Con la conseguenza, per l’Azienda, di dover ”subire” decisioni a dir poco sorprendenti, quando non paradossali, e comunque incompatibili con una corretta gestione aziendale. Non è casuale che, molto spesso, comportamenti ritenuti inaccettabili dall’azienda siano stati avallati dalla magistratura come legittimi o meritevoli di “particolare” tutela, solo perché agiti da lavoratori con un ruolo sindacale, con l’effetto di creare il convincimento generalizzato che in azienda tutto sia consentito pur di arginare, come sostiene un certo sindacato o una parte dell’opinione pubblica, lo “strapotere dell’azienda”.
Per il reintegro per giusta causa in caso di licenziamenti per comprovati motivi discriminatori non è necessario scomodare il “totem” dell’art.18 dello Statuto dei Lavoratori, è sufficiente rifarsi a quanto previsto dalla Costituzione e tutelato dal Codice Civile. La verità è che l’art.18, lungi dal cancellare l’ingiustizia di licenziamenti discriminatori, ha invece sovente dato copertura “politica” a licenziamenti legittimi, con il rischio di vulnerare irrimediabilmente la certezza del diritto.
La rappresentanza in Azienda
Un tema che dovrebbe trovare assoluta priorità se si vuole modificare il sistema di relazioni industriali è quello della rappresentanza sindacale in azienda, ma oggi su questa materia esiste soltanto un “assordante silenzio” anche per la totale latitanza di Confindustria.

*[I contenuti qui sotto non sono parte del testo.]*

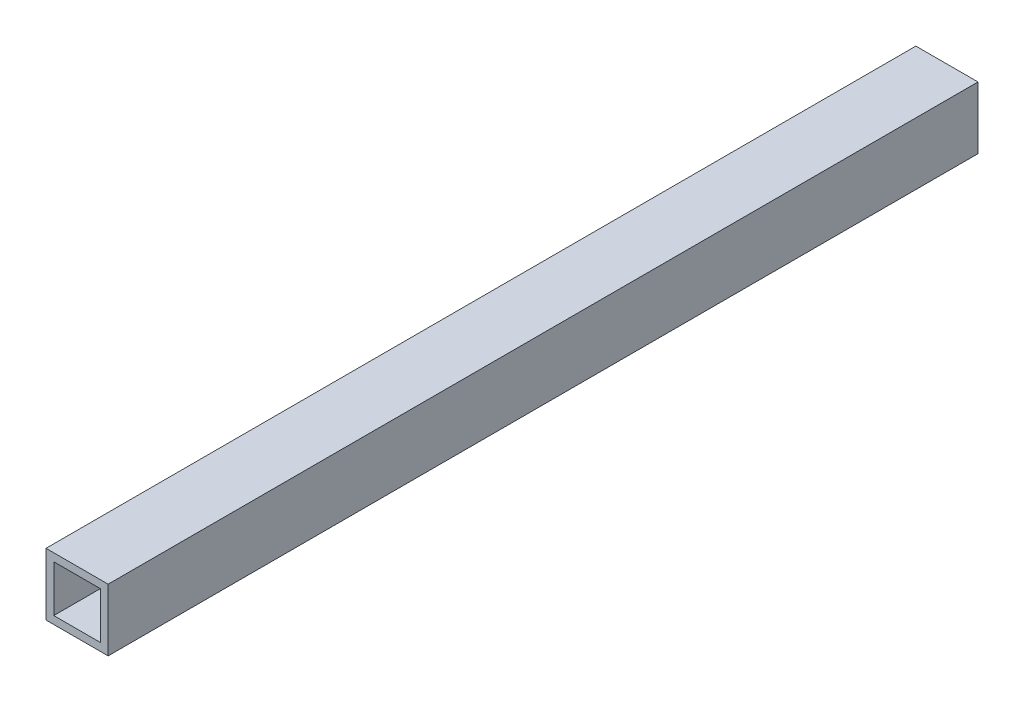
SolidWorks part; units mm, degrees
material "6061 Alloy"
ref_plane "Front Plane" through (0, 0, 0) normal (0, 0, 1) x (1, 0, 0)
ref_plane "Top Plane" through (0, 0, 0) normal (0, 1, 0) x (1, 0, 0)
ref_plane "Right Plane" through (0, 0, 0) normal (1, 0, 0) x (0, 0, -1)
sketch "Sketch1" plane through (0, 0, 0) normal (0, 0, 1) x (1, 0, 0)
  line L0 (12.7, 0) -> (9.525, 0) construction
  line L1 (-12.7, 0) -> (12.7, 0) construction
  line L2 (0, 12.7) -> (0, -12.7)
  point P7 (0, 0)
sketch "Sketch2" plane through (0, 0, 0) normal (1, 0, 0) x (0, 0, -1)
  line L0 (177.8, 0) -> (-177.8, 0)
  point P4 (0, 0)
  dimension "Length" = 355.6
sketch "Sketch3" plane through (0, 0, 0) normal (0, 0, 1) x (1, 0, 0)
  line L0 (-12.7, 0) -> (12.7, 0) construction
  line L5 (12.7, -12.7) -> (-12.7, -12.7)
  line L6 (12.7, -12.7) -> (12.7, 12.7)
  line L11 (12.7, 12.7) -> (-12.7, 12.7)
  line L12 (-12.7, -12.7) -> (-12.7, 12.7)
  line L14 (12.7, -12.7) -> (-12.7, 12.7) construction
  line L15 (12.7, 12.7) -> (-12.7, -12.7) construction
  line L16 (9.525, -9.525) -> (-9.525, -9.525)
  line L17 (9.525, -9.525) -> (9.525, 9.525)
  line L18 (9.525, 9.525) -> (-9.525, 9.525)
  line L19 (-9.525, -9.525) -> (-9.525, 9.525)
  line L20 (9.525, -9.525) -> (-9.525, 9.525) construction
  line L21 (9.525, 9.525) -> (-9.525, -9.525) construction
  point P0 (0, 0)
  point P5 (0, 0)
  point P13 (9.525, -12.7)
  dimension "D1" = 3.175
  dimension "D3" = 25.4
  dimension "D4" = 25.4
extrude "Boss-Extrude1" add sketch "Sketch3" along normal up to vertex (177.8 mm away) and the other way up to vertex (177.8 mm away) up to point (0, 0, 177.8) other way up to point (0, 0, -177.8)
sketch "Sketch5" plane through (0, 0, 0) normal (1, 0, 0) x (0, 0, -1)
  line L0 (-177.8, 0) -> (177.8, 0) construction
  line L3 (-177.8, -12.7) -> (-177.8, 12.7) construction
  line L4 (177.8, -12.7) -> (177.8, 12.7) construction
  point P6 (-149.225, 0)
  point P7 (-139.7, 0)
  point P8 (139.7, 0)
  point P10 (149.225, 0)
  dimension "D1" = 28.575
  dimension "D2" = 38.1
  dimension "D3" = 28.575
  dimension "D4" = 38.1
equation "\"D1@Sketch3\"=\"Wall thickness@Sketch1\""
equation "\"D1@Sketch5\"=\"Width@Sketch1\"*1.125"
equation "\"D2@Sketch5\"=\"Width@Sketch1\"*1.5"
equation "\"D3@Sketch5\"=\"D1@Sketch5\""
equation "\"D4@Sketch5\"=\"D2@Sketch5\""
equation "\"D2@Sketch3\"=\"Wall Thickness@Sketch1\""

Confindustria e Organizzazioni Sindacali ritengono di aver compiutamente regolamentato l’argomento con l’Accordo Interconfederale del 31 maggio 2013, ma a parte la necessità di una lunga aspettativa di vita per poterne apprezzare gli eventuali risultati, il tema non affronta le vere problematiche dei rapporti in Azienda con i rappresentanti dei lavoratori.
La sentenza della Corte Costituzionale del luglio dello scorso anno ha aperto una prateria per qualsivoglia Organizzazione Sindacale ritenga di legittimarsi a rappresentare i lavoratori e pertanto, in particolare nelle medie e grandi imprese, si potrà verificare un proliferare di sigle sindacali sulla cui rappresentatività si potrebbero esprimere grandi perplessità; la principale conseguenza sarà, inevitabilmente, quella di dover gestire la concorrenzialità tra le varie organizzazioni anziché trovare una soluzione ai problemi dei lavoratori.
Non è il caso di citare il caso Fiat, dove il numero dei Sindacati che pretendevano la rappresentatività sindacale aveva raggiunto il numero di 7. Una recente decisione del Tribunale di Busto Arsizio ha riconosciuto piena rappresentatività ad un CUB Trasporti di Varese, con facoltà per lo stesso di negoziare la propria piattaforma rivendicativa, nominare proprie RSA con il riconoscimento alle stesse di tutti i diritti sindacali, indire assemblee.
Anche su questo tema il totale silenzio di Confindustria e le differenti opinioni nell’ambito politico non aiuteranno le Aziende ad avere, al loro interno, corretti rapporti sindacali e soprattutto quella chiarezza di relazioni che è necessaria per l’efficace funzionamento dell’impresa.